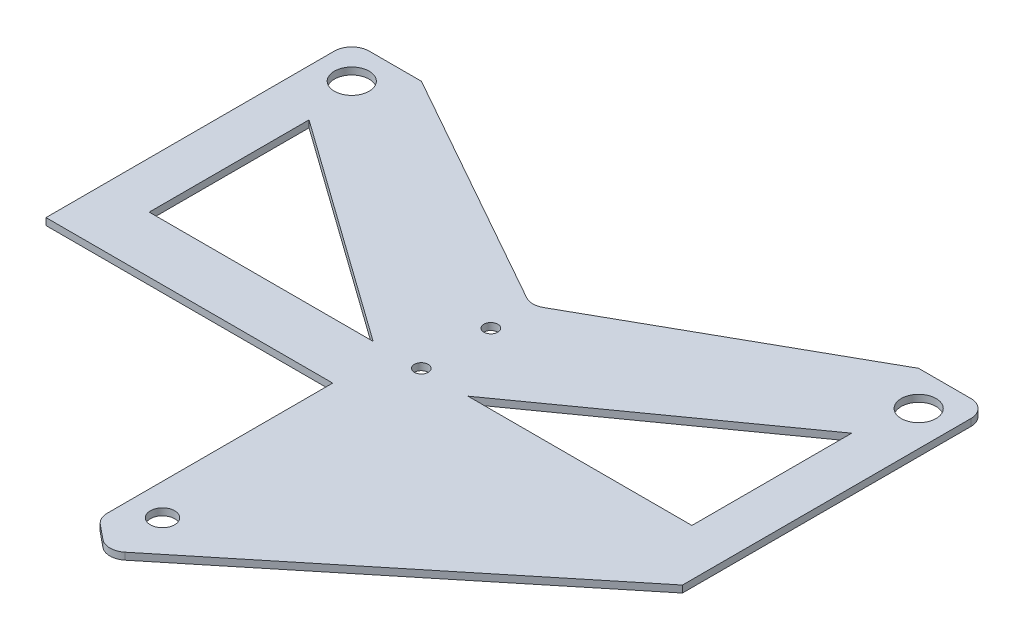
ISO-10303-21;
HEADER;
FILE_DESCRIPTION(('STEP AP214'),'2;1');
FILE_NAME('part.step','',(''),(''),'','','');
FILE_SCHEMA(('AUTOMOTIVE_DESIGN { 1 0 10303 214 1 1 1 1 }'));
ENDSEC;
DATA;
#1=APPLICATION_CONTEXT('core data for automotive mechanical design processes');
#2=APPLICATION_PROTOCOL_DEFINITION('international standard','automotive_design',2000,#1);
#3=PRODUCT_CONTEXT('',#1,'mechanical');
#4=PRODUCT('Part','Part','',(#3));
#5=PRODUCT_RELATED_PRODUCT_CATEGORY('part','',(#4));
#6=PRODUCT_DEFINITION_FORMATION('','',#4);
#7=PRODUCT_DEFINITION_CONTEXT('part definition',#1,'design');
#8=PRODUCT_DEFINITION('design','',#6,#7);
#9=PRODUCT_DEFINITION_SHAPE('','',#8);
#10=(LENGTH_UNIT() NAMED_UNIT(*) SI_UNIT(.MILLI.,.METRE.));
#11=(NAMED_UNIT(*) PLANE_ANGLE_UNIT() SI_UNIT($,.RADIAN.));
#12=(NAMED_UNIT(*) SI_UNIT($,.STERADIAN.) SOLID_ANGLE_UNIT());
#13=UNCERTAINTY_MEASURE_WITH_UNIT(LENGTH_MEASURE(1.E-05),#10,'distance_accuracy_value','');
#14=(GEOMETRIC_REPRESENTATION_CONTEXT(3) GLOBAL_UNCERTAINTY_ASSIGNED_CONTEXT((#13)) GLOBAL_UNIT_ASSIGNED_CONTEXT((#10,
#11,#12)) REPRESENTATION_CONTEXT('',''));
#15=CARTESIAN_POINT('',(0.,0.,0.));
#16=DIRECTION('',(0.,0.,1.));
#17=DIRECTION('',(1.,0.,0.));
#18=AXIS2_PLACEMENT_3D('',#15,#16,#17);
#19=CARTESIAN_POINT('',(0.,0.,-3.79380550980765));
#20=DIRECTION('',(0.,1.,0.));
#21=DIRECTION('',(-1.,0.,0.));
#22=AXIS2_PLACEMENT_3D('',#19,#20,#21);
#23=PLANE('',#22);
#24=CARTESIAN_POINT('',(0.,-1.04083408558608E-13,27.2061944901924));
#25=DIRECTION('',(0.,1.,0.));
#26=DIRECTION('',(-1.,0.,0.));
#27=AXIS2_PLACEMENT_3D('',#24,#25,#26);
#28=CIRCLE('',#27,1.75);
#29=CARTESIAN_POINT('',(-1.75,-1.04083408558608E-13,27.2061944901924));
#30=VERTEX_POINT('',#29);
#31=EDGE_CURVE('E290',#30,#30,#28,.T.);
#32=ORIENTED_EDGE('',*,*,#31,.T.);
#33=EDGE_LOOP('',(#32));
#34=FACE_BOUND('',#33,.T.);
#35=DIRECTION('',(0.775274546322448,0.,-0.63162439616003));
#36=VECTOR('',#35,1.);
#37=CARTESIAN_POINT('',(19.2312986698302,0.,19.8112617454897));
#38=LINE('',#37,#36);
#39=CARTESIAN_POINT('',(1.57906099040009,-1.29236898960272E-13,34.1927270187042));
#40=VERTEX_POINT('',#39);
#41=CARTESIAN_POINT('',(45.75,0.,-1.79380550980766));
#42=VERTEX_POINT('',#41);
#43=EDGE_CURVE('E267',#40,#42,#38,.T.);
#44=ORIENTED_EDGE('',*,*,#43,.F.);
#45=CARTESIAN_POINT('',(0.,-1.22298005056365E-13,32.2545406528981));
#46=DIRECTION('',(0.,1.,0.));
#47=DIRECTION('',(-1.,0.,0.));
#48=AXIS2_PLACEMENT_3D('',#45,#46,#47);
#49=CIRCLE('',#48,2.5);
#50=CARTESIAN_POINT('',(-1.57906099040009,-1.29236898960272E-13,34.1927270187042));
#51=VERTEX_POINT('',#50);
#52=EDGE_CURVE('E253',#51,#40,#49,.T.);
#53=ORIENTED_EDGE('',*,*,#52,.F.);
#54=DIRECTION('',(0.775274546322448,0.,0.63162439616003));
#55=VECTOR('',#54,1.);
#56=CARTESIAN_POINT('',(-3.61720845473632,-1.23165366794353E-13,32.5322266610528));
#57=LINE('',#56,#55);
#58=CARTESIAN_POINT('',(-3.61720845473632,-1.23165366794353E-13,32.5322266610528));
#59=VERTEX_POINT('',#58);
#60=EDGE_CURVE('E256',#59,#51,#57,.T.);
#61=ORIENTED_EDGE('',*,*,#60,.F.);
#62=CARTESIAN_POINT('',(-2.03814746433627,-1.15792792021452E-13,30.5940402952466));
#63=DIRECTION('',(0.,1.,0.));
#64=DIRECTION('',(-1.,0.,0.));
#65=AXIS2_PLACEMENT_3D('',#62,#63,#64);
#66=CIRCLE('',#65,2.5);
#67=CARTESIAN_POINT('',(-4.53814746433627,-1.15792792021452E-13,30.5940402952466));
#68=VERTEX_POINT('',#67);
#69=EDGE_CURVE('E275',#59,#68,#66,.F.);
#70=ORIENTED_EDGE('',*,*,#69,.T.);
#71=DIRECTION('',(0.,0.,-1.));
#72=VECTOR('',#71,1.);
#73=CARTESIAN_POINT('',(-4.53814746433628,0.,-3.79380550980765));
#74=LINE('',#73,#72);
#75=CARTESIAN_POINT('',(-4.53814746433628,0.,-1.79380550980766));
#76=VERTEX_POINT('',#75);
#77=EDGE_CURVE('E280',#68,#76,#74,.T.);
#78=ORIENTED_EDGE('',*,*,#77,.T.);
#79=DIRECTION('',(1.,0.,0.));
#80=VECTOR('',#79,1.);
#81=CARTESIAN_POINT('',(45.75,0.,-1.79380550980766));
#82=LINE('',#81,#80);
#83=CARTESIAN_POINT('',(-45.75,0.,-1.79380550980766));
#84=VERTEX_POINT('',#83);
#85=EDGE_CURVE('E65',#84,#76,#82,.T.);
#86=ORIENTED_EDGE('',*,*,#85,.F.);
#87=DIRECTION('',(0.,0.,1.));
#88=VECTOR('',#87,1.);
#89=CARTESIAN_POINT('',(-45.75,0.,-2.97190275490383));
#90=LINE('',#89,#88);
#91=CARTESIAN_POINT('',(-45.75,0.,-43.25));
#92=VERTEX_POINT('',#91);
#93=EDGE_CURVE('E202',#92,#84,#90,.T.);
#94=ORIENTED_EDGE('',*,*,#93,.F.);
#95=CARTESIAN_POINT('',(-43.25,0.,-43.25));
#96=DIRECTION('',(0.,1.,0.));
#97=DIRECTION('',(0.,0.,1.));
#98=AXIS2_PLACEMENT_3D('',#95,#96,#97);
#99=CIRCLE('',#98,2.5);
#100=CARTESIAN_POINT('',(-43.25,0.,-45.75));
#101=VERTEX_POINT('',#100);
#102=EDGE_CURVE('E207',#101,#92,#99,.T.);
#103=ORIENTED_EDGE('',*,*,#102,.F.);
#104=DIRECTION('',(1.,0.,0.));
#105=VECTOR('',#104,1.);
#106=CARTESIAN_POINT('',(-43.25,0.,-45.75));
#107=LINE('',#106,#105);
#108=CARTESIAN_POINT('',(-35.737250175444,0.,-45.75));
#109=VERTEX_POINT('',#108);
#110=EDGE_CURVE('E220',#109,#101,#107,.F.);
#111=ORIENTED_EDGE('',*,*,#110,.F.);
#112=DIRECTION('',(-0.87190213853743,0.,-0.4896801617524));
#113=VECTOR('',#112,1.);
#114=CARTESIAN_POINT('',(-40.3811598554617,0.,-48.3581257778415));
#115=LINE('',#114,#113);
#116=CARTESIAN_POINT('',(-1.22420040438101,0.,-26.3666827130253));
#117=VERTEX_POINT('',#116);
#118=EDGE_CURVE('E371',#117,#109,#115,.T.);
#119=ORIENTED_EDGE('',*,*,#118,.F.);
#120=CARTESIAN_POINT('',(0.,0.,-28.5464380593689));
#121=DIRECTION('',(0.,-1.,0.));
#122=DIRECTION('',(0.,0.,-1.));
#123=AXIS2_PLACEMENT_3D('',#120,#121,#122);
#124=CIRCLE('',#123,2.5);
#125=CARTESIAN_POINT('',(1.22420040438101,0.,-26.3666827130253));
#126=VERTEX_POINT('',#125);
#127=EDGE_CURVE('E246',#126,#117,#124,.T.);
#128=ORIENTED_EDGE('',*,*,#127,.F.);
#129=DIRECTION('',(-0.87190213853743,0.,0.4896801617524));
#130=VECTOR('',#129,1.);
#131=CARTESIAN_POINT('',(-25.3772939841398,0.,-11.4266756878364));
#132=LINE('',#131,#130);
#133=CARTESIAN_POINT('',(35.737250175444,0.,-45.75));
#134=VERTEX_POINT('',#133);
#135=EDGE_CURVE('E241',#134,#126,#132,.T.);
#136=ORIENTED_EDGE('',*,*,#135,.F.);
#137=CARTESIAN_POINT('',(43.25,0.,-45.75));
#138=VERTEX_POINT('',#137);
#139=EDGE_CURVE('E237',#138,#134,#107,.F.);
#140=ORIENTED_EDGE('',*,*,#139,.F.);
#141=CARTESIAN_POINT('',(43.25,0.,-43.25));
#142=DIRECTION('',(0.,1.,0.));
#143=DIRECTION('',(0.,0.,1.));
#144=AXIS2_PLACEMENT_3D('',#141,#142,#143);
#145=CIRCLE('',#144,2.5);
#146=CARTESIAN_POINT('',(45.75,0.,-43.25));
#147=VERTEX_POINT('',#146);
#148=EDGE_CURVE('E228',#147,#138,#145,.T.);
#149=ORIENTED_EDGE('',*,*,#148,.F.);
#150=DIRECTION('',(0.,0.,1.));
#151=VECTOR('',#150,1.);
#152=CARTESIAN_POINT('',(45.75,0.,-2.97190275490383));
#153=LINE('',#152,#151);
#154=EDGE_CURVE('E209',#42,#147,#153,.F.);
#155=ORIENTED_EDGE('',*,*,#154,.F.);
#156=EDGE_LOOP('',(#44,#53,#61,#70,#78,#86,#94,#103,#111,#119,#128,#136,#140,#149,#155));
#157=FACE_BOUND('',#156,.T.);
#158=DIRECTION('',(-0.813936751097687,0.,0.580953496600668));
#159=VECTOR('',#158,1.);
#160=CARTESIAN_POINT('',(6.81673799323512,0.,-9.88989745885505));
#161=LINE('',#160,#159);
#162=CARTESIAN_POINT('',(39.0092276891494,0.,-32.8675298460155));
#163=VERTEX_POINT('',#162);
#164=CARTESIAN_POINT('',(6.81673799323512,0.,-9.88989745885505));
#165=VERTEX_POINT('',#164);
#166=EDGE_CURVE('E399',#163,#165,#161,.T.);
#167=ORIENTED_EDGE('',*,*,#166,.T.);
#168=DIRECTION('',(1.,0.,0.));
#169=VECTOR('',#168,1.);
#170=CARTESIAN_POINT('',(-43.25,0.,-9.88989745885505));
◆ ◆ ◆ ◆
AIM OF THE TASK – Repeat exactly the lines of the listing above, from the one with "#98=AXIS2_PLACEMENT_3D('',#95,#96,#97);" down to the one with "#148=EDGE_CURVE('E228',#147,#138,#145,.T.);"; both of those lines belong in the range.

EXERCISE OUTPUT –
#98=AXIS2_PLACEMENT_3D('',#95,#96,#97);
#99=CIRCLE('',#98,2.5);
#100=CARTESIAN_POINT('',(-43.25,0.,-45.75));
#101=VERTEX_POINT('',#100);
#102=EDGE_CURVE('E207',#101,#92,#99,.T.);
#103=ORIENTED_EDGE('',*,*,#102,.F.);
#104=DIRECTION('',(1.,0.,0.));
#105=VECTOR('',#104,1.);
#106=CARTESIAN_POINT('',(-43.25,0.,-45.75));
#107=LINE('',#106,#105);
#108=CARTESIAN_POINT('',(-35.737250175444,0.,-45.75));
#109=VERTEX_POINT('',#108);
#110=EDGE_CURVE('E220',#109,#101,#107,.F.);
#111=ORIENTED_EDGE('',*,*,#110,.F.);
#112=DIRECTION('',(-0.87190213853743,0.,-0.4896801617524));
#113=VECTOR('',#112,1.);
#114=CARTESIAN_POINT('',(-40.3811598554617,0.,-48.3581257778415));
#115=LINE('',#114,#113);
#116=CARTESIAN_POINT('',(-1.22420040438101,0.,-26.3666827130253));
#117=VERTEX_POINT('',#116);
#118=EDGE_CURVE('E371',#117,#109,#115,.T.);
#119=ORIENTED_EDGE('',*,*,#118,.F.);
#120=CARTESIAN_POINT('',(0.,0.,-28.5464380593689));
#121=DIRECTION('',(0.,-1.,0.));
#122=DIRECTION('',(0.,0.,-1.));
#123=AXIS2_PLACEMENT_3D('',#120,#121,#122);
#124=CIRCLE('',#123,2.5);
#125=CARTESIAN_POINT('',(1.22420040438101,0.,-26.3666827130253));
#126=VERTEX_POINT('',#125);
#127=EDGE_CURVE('E246',#126,#117,#124,.T.);
#128=ORIENTED_EDGE('',*,*,#127,.F.);
#129=DIRECTION('',(-0.87190213853743,0.,0.4896801617524));
#130=VECTOR('',#129,1.);
#131=CARTESIAN_POINT('',(-25.3772939841398,0.,-11.4266756878364));
#132=LINE('',#131,#130);
#133=CARTESIAN_POINT('',(35.737250175444,0.,-45.75));
#134=VERTEX_POINT('',#133);
#135=EDGE_CURVE('E241',#134,#126,#132,.T.);
#136=ORIENTED_EDGE('',*,*,#135,.F.);
#137=CARTESIAN_POINT('',(43.25,0.,-45.75));
#138=VERTEX_POINT('',#137);
#139=EDGE_CURVE('E237',#138,#134,#107,.F.);
#140=ORIENTED_EDGE('',*,*,#139,.F.);
#141=CARTESIAN_POINT('',(43.25,0.,-43.25));
#142=DIRECTION('',(0.,1.,0.));
#143=DIRECTION('',(0.,0.,1.));
#144=AXIS2_PLACEMENT_3D('',#141,#142,#143);
#145=CIRCLE('',#144,2.5);
#146=CARTESIAN_POINT('',(45.75,0.,-43.25));
#147=VERTEX_POINT('',#146);
#148=EDGE_CURVE('E228',#147,#138,#145,.T.);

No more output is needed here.